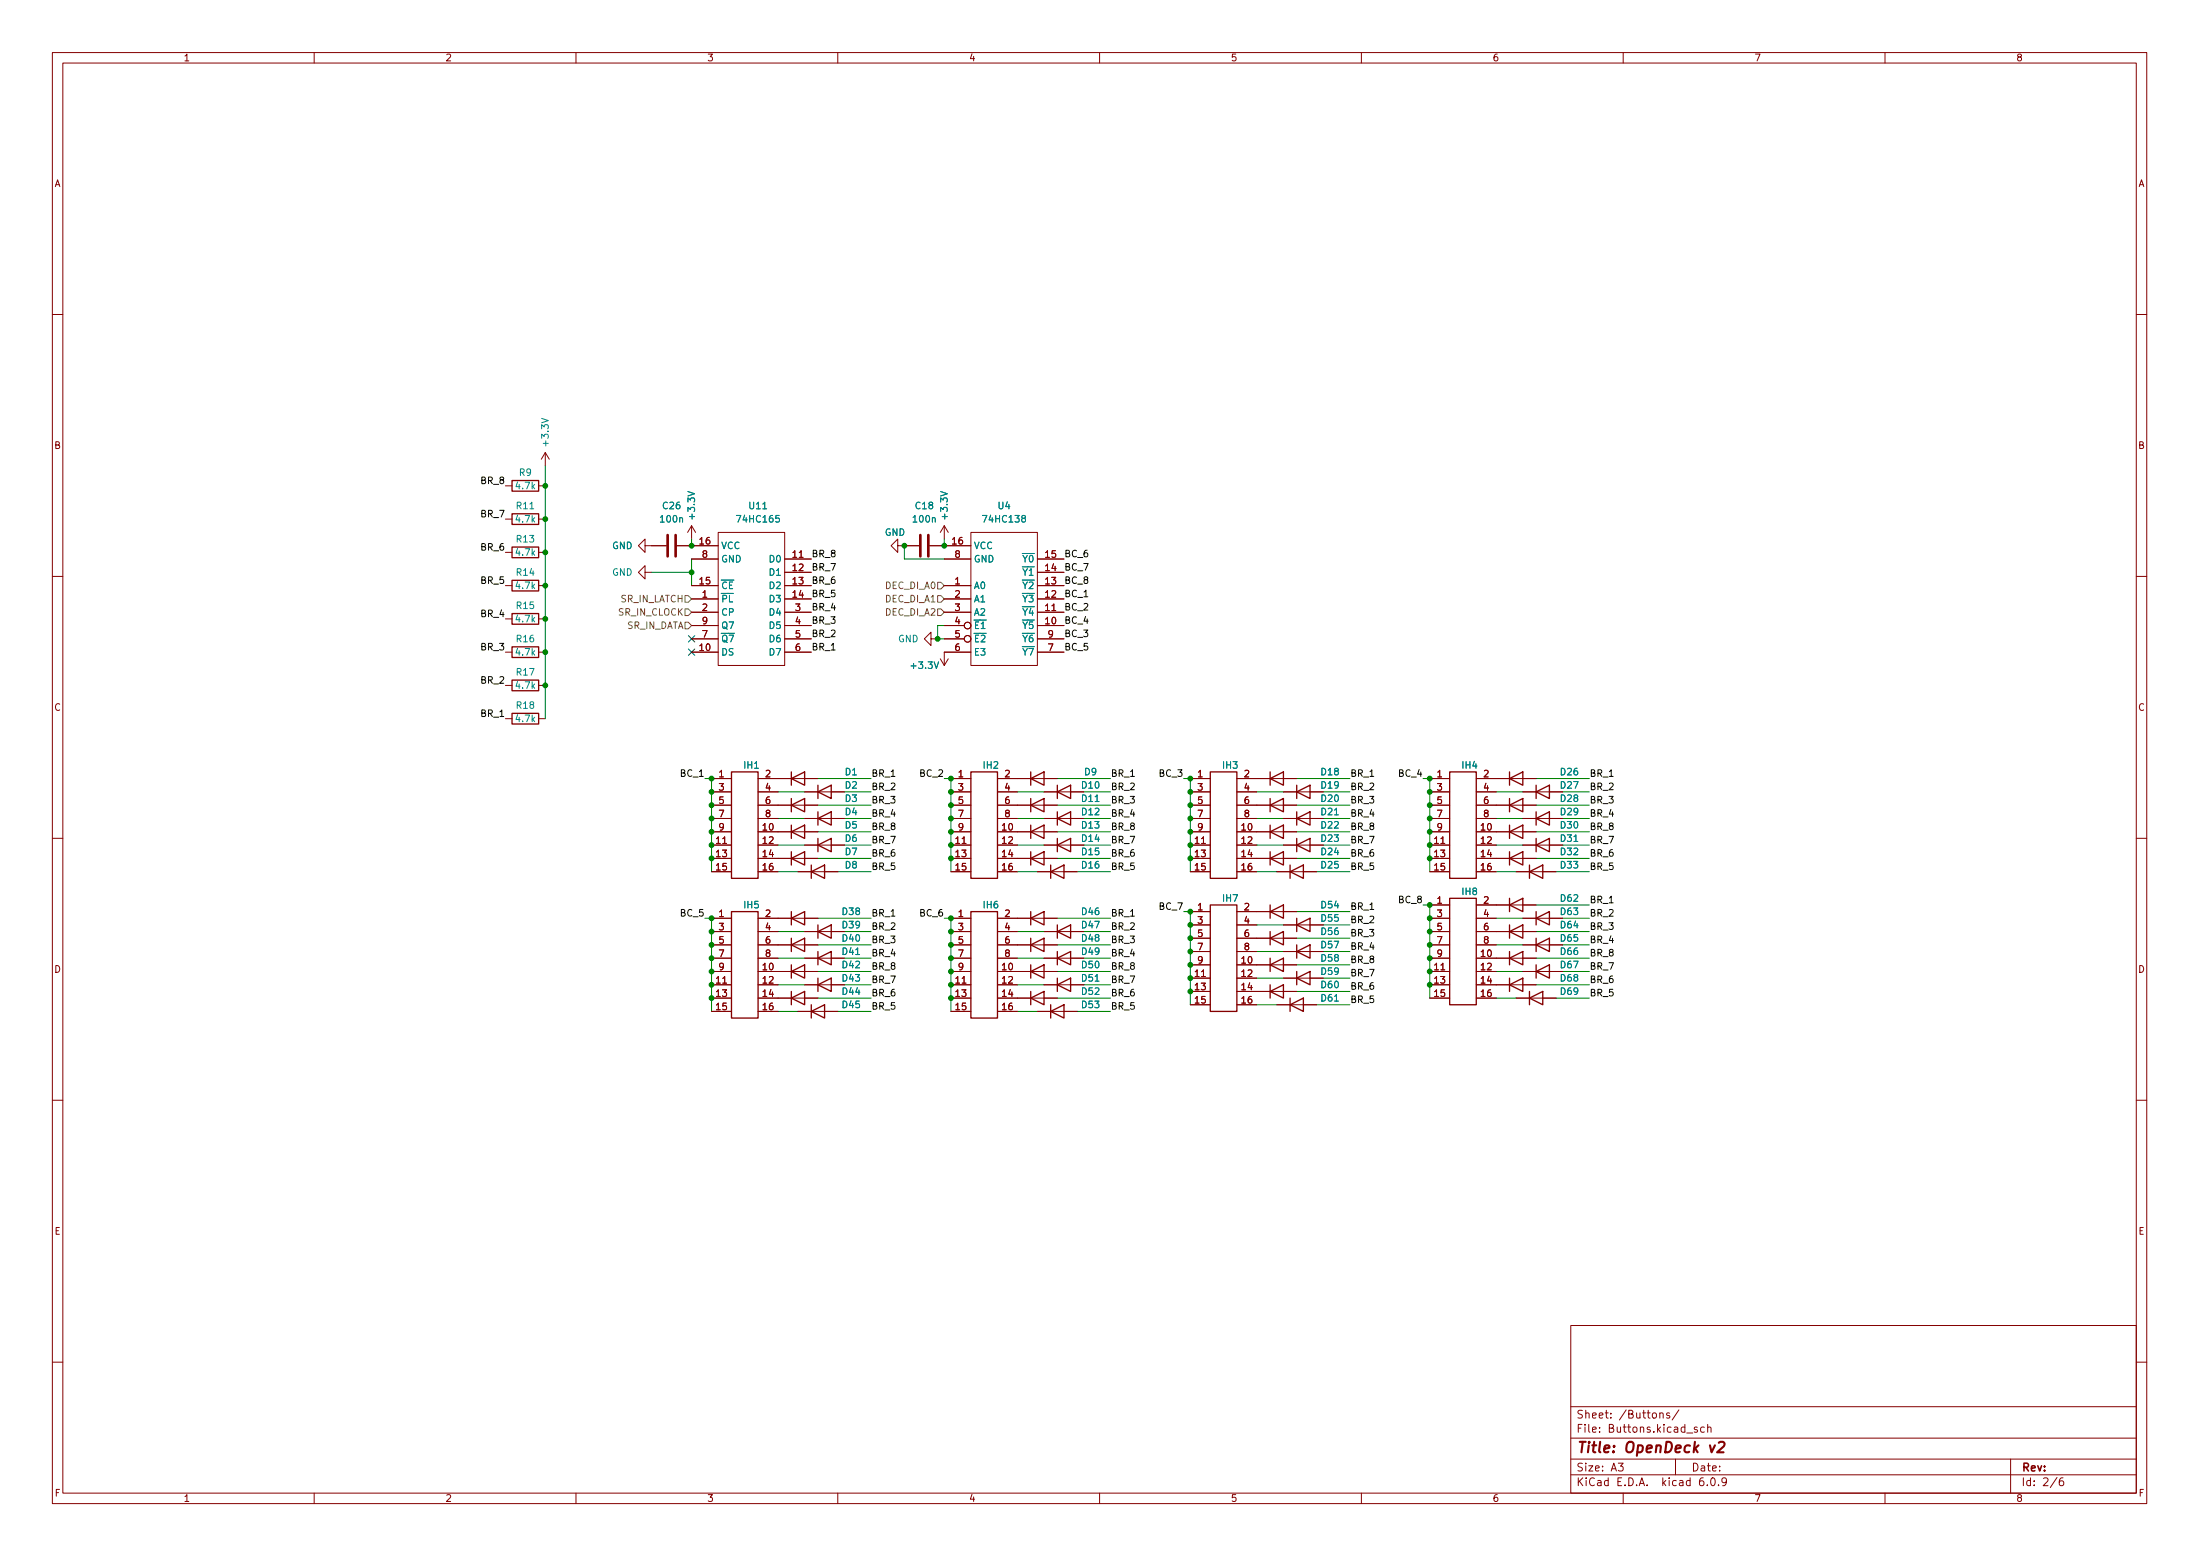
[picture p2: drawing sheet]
<svg xmlns="http://www.w3.org/2000/svg" width="420mm" height="297mm" viewBox="0 0 420 297" stroke-linecap="round" stroke-linejoin="round" font-family="sans-serif">
<g fill="none" stroke="#840000" stroke-width=".19">
<path d="M10 10h400v277h-400zM12 12h396v273h-396zM60 10v2M110 10v2M160 10v2M210 10v2M260 10v2M310 10v2M360 10v2M10 60h2M408 60h2M96.5 99.1h1.3"/>
<path d="M96.5 92.7h1.3M102.9 99.1h1.2M102.9 92.7h1.2M104.1 86.4l-.7 1.3M104.1 86.4v2.5M104.1 86.4l.8 1.3M10 110h2M96.5 111.8h1.3M96.5 118.1h1.3M96.5 105.4h1.3M102.9 111.8h1.2M102.9 118.1h1.2"/>
<path d="M102.9 105.4h1.2M123.2 109.3v-1.3l-1.3 1.3 1.3 1.2v-1.2h1.3M123.2 104.2v-1.3l-1.3 1.3 1.3 1.2v-1.2h4.1M129.3 104.2h7.9M132.1 114.3h5.1M132.1 106.7h5.1M132.1 111.8h5.1M132.1 116.9h5.1M132.1 119.4h5.1M132.1 100.4l-.8 1.2M132.1 100.4v2.5M132.1 100.4l.7 1.2"/>
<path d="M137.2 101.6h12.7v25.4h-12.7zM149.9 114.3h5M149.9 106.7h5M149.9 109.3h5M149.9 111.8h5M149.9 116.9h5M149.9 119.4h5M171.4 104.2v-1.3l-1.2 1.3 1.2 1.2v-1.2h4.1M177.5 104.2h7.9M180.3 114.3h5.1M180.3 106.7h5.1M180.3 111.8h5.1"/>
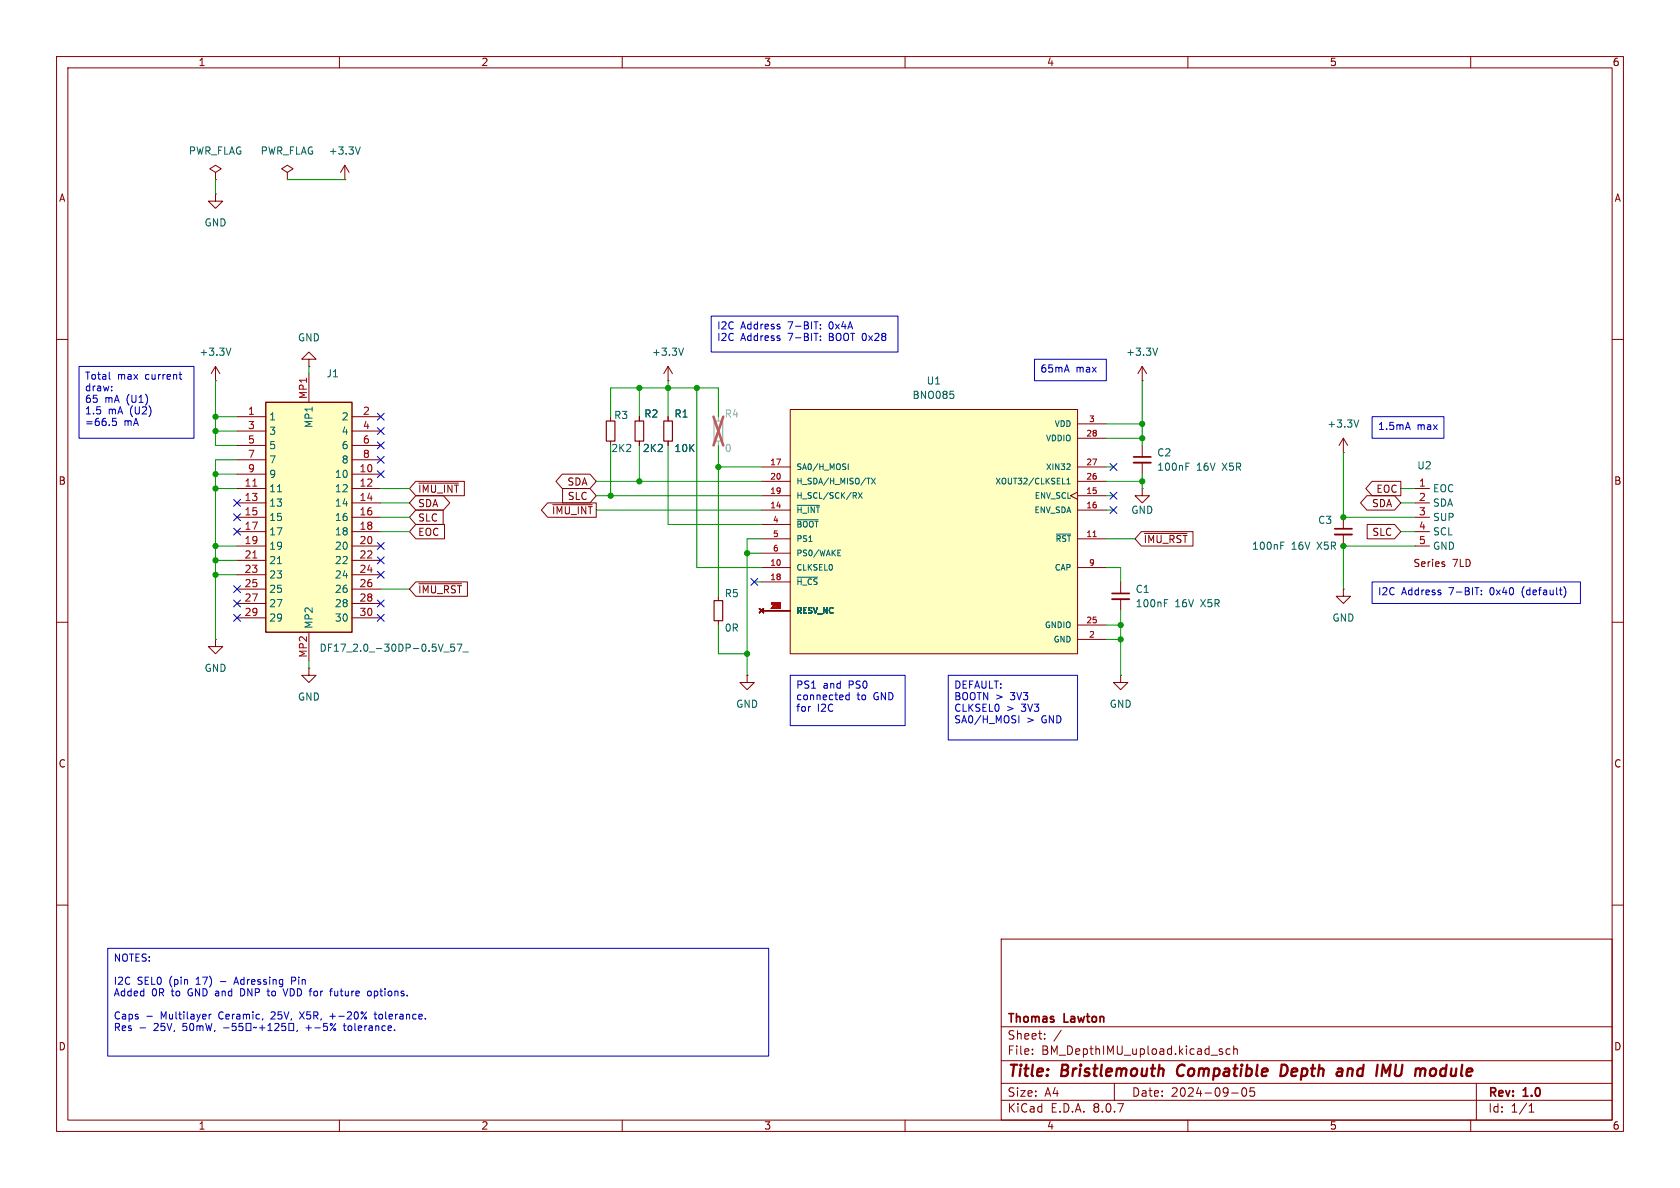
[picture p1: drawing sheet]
<svg xmlns="http://www.w3.org/2000/svg" width="297mm" height="210mm" viewBox="0 0 297 210" stroke-linecap="round" stroke-linejoin="round" font-family="sans-serif">
<g fill="none" stroke="#840000" stroke-width=".18">
<path d="M10 10h277v190h-277zM12 12h273v186h-273zM60 10v2M110 10v2M160 10v2M210 10v2M260 10v2M10 60h2M201.9 67.3h.1M201.9 64.8v2.5M201.9 78.7v2.1M201.9 64.8l-.7 1.2"/>
<path d="M201.9 64.8l.8 1.2M237.5 77.5l-.8 1.2M237.5 77.5v2.5M237.5 77.5l.8 1.2M285 60h2M201.9 81.8v2M237.5 80h.1M237.5 91.4v2.1M237.5 94.5v2M10 110h2M285 110h2M10 160h2"/>
<path d="M177 166h108v32h-108zM285 160h2M60 198v2M110 198v2M160 198v2M177 194.5h108M177 191.5h108M177 187.5h108M177 181.5h108M182.5 186.3v.1M182.5 185.5v.1M184.7 183.6v.1"/>
<path d="M184.7 182.8v.1M187.6 182.1l-1.3 2M197 191.5v3M210 198v2M215.6 185.8l.5 .2 .1 .1-.1 .2-.4 .1M215.6 185.5h.5M217.5 185.5l-.5-.1-.3 .3v.4l.2 .2h.6M217.7 193.2h1.2M218.1 185.5l.2-.1 .4 .1v.9M218.1 184.9v1.5M219.7 192.4a.81 .81 0 0 0 .3 1.4l.2-.1 .2-.5-.2-.8M221 192.3v.7l.2-.1h.5l.1 .6-.3 .3-.5-.1"/>
<path d="M260 198v2M261 191.5v6.5M270.3 196.6h.9M270.3 195.5l.4-.4v1.5"/>
</g>
<path d="M208.4 188.5a1.27 1.27 0 0 0 0 1.6M227.3 188.3l-.7-.1-.3 2h.5l.5-.3M236.7 188.9l.6 .1-.1 1.2M237.2 190.1l-.7 .1M237.3 189.4h-.7M245 189.6l.8-1.4-.2 2M252.8 190a.52 .52 0 0 0 .8 .1M253.6 188.9a.62 .62 0 0 0-.8 .4" fill="none" stroke="#840000" stroke-width=".4"/>
<path d="M204.7 61.5l-.5 1.3M240.2 74.2l-.4 1.3M209.7 82.5h.4M209.7 81.9h.6M226.4 96.4h.4M226.4 95.8h.6" fill="none" stroke="#006464" stroke-width=".18"/>
<path d="M200.4 81.8h3.1M236 94.5h3" fill="none" stroke="#840000" stroke-width=".33"/>
<path d="M200.4 80.8h3.1M236 93.5h3" fill="none" stroke="#840000" stroke-width=".3"/>
<path d="M139.7 72.4h50.8v43.2h-50.8z" fill="#ffffc2"/>
<g fill="none" stroke="#840000" stroke-width=".18">
<path d="M50.8 30.5l1-.7-1-.6-1 .6 1 .7v1.3M50.8 31.8h.1M61 31.8h.1M61 29.2l-.8 1.3M61 29.2v2.6M61 29.2l.7 1.3M107.9 73.7v.7M107.9 78v.7M113 73.7v.7M113 78v.7M118.1 67.3h.1M118.1 64.8v2.5"/>
<path d="M118.1 73.7v.7M118.1 78v.7M118.1 64.8l-.8 1.2M118.1 64.8l.8 1.2M139.7 72.4h50.8v43.2h-50.8zM190.5 77.5h5.1M190.5 74.9h5.1M134.6 95.3h5.1M134.6 90.2h5.1M134.6 87.6h5.1M134.6 82.6h5.1M134.6 85.1h5.1"/>
<path d="M134.6 92.7h5.1M134.6 97.8h5.1M190.5 87l-1.3 .6 1.3 .7M190.5 95.3h5.1M190.5 90.2h5.1M190.5 87.6h5.1M190.5 82.6h5.1M190.5 85.1h5.1M201.9 86.4v1.2h1.3l-1.3 1.3-1.2-1.3h1.2M201.9 86.4h.1M250.2 86.4h2.5M250.2 88.9h2.5"/>
<path d="M250.2 91.4h2.5M250.2 94h2.5M250.2 96.5h2.5M255.3 99.7l.1 .2-.1 .2M255.3 99.3l.1 .1M38.1 113v1.3h1.3l-1.3 1.3-1.3-1.3h1.3M38.1 113h.1M54.6 118.1v1.3h1.3l-1.3 1.3-1.3-1.3h1.3M54.6 118.1h.1M127 105.4v.8M127 109.7v.8M132.1 119.4v1.3h1.2l-1.2 1.2-1.3-1.2h1.3"/>
<path d="M132.1 119.4h.1M134.2 107.6l.8 .7M134.6 108h5.1M134.6 100.3h5.1M134.6 102.9h5.1M135 107.6l-.8 .7M190.5 100.3h5.1M190.5 113h5.1M190.5 110.5h5.1M198.1 102.9v2M198.1 105.9v2.1M237.5 104.1v1.3h1.3l-1.3 1.3-1.3-1.3h1.3"/>
<path d="M237.5 104.1h.1"/>
</g>
<g fill="none" stroke="#006464" stroke-width=".18">
<path d="M63.7 26l-.4 1.2M120.8 61.5l-.4 1.3M168 69.2h.6M168.5 69.7l.1 .2-.1 .5M140.9 89.3h4M140.9 91.9h3.7M148.1 97.7h.4M148.1 98.3h.5M148.1 97.2h.5M150 82v1M151.1 87.6l.3 .5M151.4 87.2v.3"/>
<path d="M151.8 87.1l.6 1M152.4 87.1l-.6 1M154.1 84.5l.6 1.1M154.7 84.5l-.6 1.1M186.7 94.4h2.6M187.8 85.6h.5M188.6 85.6h.6M188.6 84.8l.3-.3v1.1M189.1 82v.4l-.5 .6h.6M140.9 102h3.6M205.9 106.6h.4M205.9 106h.6"/>
</g>
<path d="M193.2 94.9h.6" fill="none" stroke="#a90000" stroke-width=".18"/>
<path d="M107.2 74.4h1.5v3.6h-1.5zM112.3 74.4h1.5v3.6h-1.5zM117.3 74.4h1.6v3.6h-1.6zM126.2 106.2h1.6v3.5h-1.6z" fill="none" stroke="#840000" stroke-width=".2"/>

◆ ◆ ◆ ◆ ◆

*Your assignment:* In the listing above, find the line with "182.8v.1M187.6 182.1l-1.3 2M197" and the line with "92.7h5.1M134.6 97.8h5.1M190.5 87l-1.3". Output those two lines and every line between them, exactly as written.

*Answer to the problem:*
<path d="M184.7 182.8v.1M187.6 182.1l-1.3 2M197 191.5v3M210 198v2M215.6 185.8l.5 .2 .1 .1-.1 .2-.4 .1M215.6 185.5h.5M217.5 185.5l-.5-.1-.3 .3v.4l.2 .2h.6M217.7 193.2h1.2M218.1 185.5l.2-.1 .4 .1v.9M218.1 184.9v1.5M219.7 192.4a.81 .81 0 0 0 .3 1.4l.2-.1 .2-.5-.2-.8M221 192.3v.7l.2-.1h.5l.1 .6-.3 .3-.5-.1"/>
<path d="M260 198v2M261 191.5v6.5M270.3 196.6h.9M270.3 195.5l.4-.4v1.5"/>
</g>
<path d="M208.4 188.5a1.27 1.27 0 0 0 0 1.6M227.3 188.3l-.7-.1-.3 2h.5l.5-.3M236.7 188.9l.6 .1-.1 1.2M237.2 190.1l-.7 .1M237.3 189.4h-.7M245 189.6l.8-1.4-.2 2M252.8 190a.52 .52 0 0 0 .8 .1M253.6 188.9a.62 .62 0 0 0-.8 .4" fill="none" stroke="#840000" stroke-width=".4"/>
<path d="M204.7 61.5l-.5 1.3M240.2 74.2l-.4 1.3M209.7 82.5h.4M209.7 81.9h.6M226.4 96.4h.4M226.4 95.8h.6" fill="none" stroke="#006464" stroke-width=".18"/>
<path d="M200.4 81.8h3.1M236 94.5h3" fill="none" stroke="#840000" stroke-width=".33"/>
<path d="M200.4 80.8h3.1M236 93.5h3" fill="none" stroke="#840000" stroke-width=".3"/>
<path d="M139.7 72.4h50.8v43.2h-50.8z" fill="#ffffc2"/>
<g fill="none" stroke="#840000" stroke-width=".18">
<path d="M50.8 30.5l1-.7-1-.6-1 .6 1 .7v1.3M50.8 31.8h.1M61 31.8h.1M61 29.2l-.8 1.3M61 29.2v2.6M61 29.2l.7 1.3M107.9 73.7v.7M107.9 78v.7M113 73.7v.7M113 78v.7M118.1 67.3h.1M118.1 64.8v2.5"/>
<path d="M118.1 73.7v.7M118.1 78v.7M118.1 64.8l-.8 1.2M118.1 64.8l.8 1.2M139.7 72.4h50.8v43.2h-50.8zM190.5 77.5h5.1M190.5 74.9h5.1M134.6 95.3h5.1M134.6 90.2h5.1M134.6 87.6h5.1M134.6 82.6h5.1M134.6 85.1h5.1"/>
<path d="M134.6 92.7h5.1M134.6 97.8h5.1M190.5 87l-1.3 .6 1.3 .7M190.5 95.3h5.1M190.5 90.2h5.1M190.5 87.6h5.1M190.5 82.6h5.1M190.5 85.1h5.1M201.9 86.4v1.2h1.3l-1.3 1.3-1.2-1.3h1.2M201.9 86.4h.1M250.2 86.4h2.5M250.2 88.9h2.5"/>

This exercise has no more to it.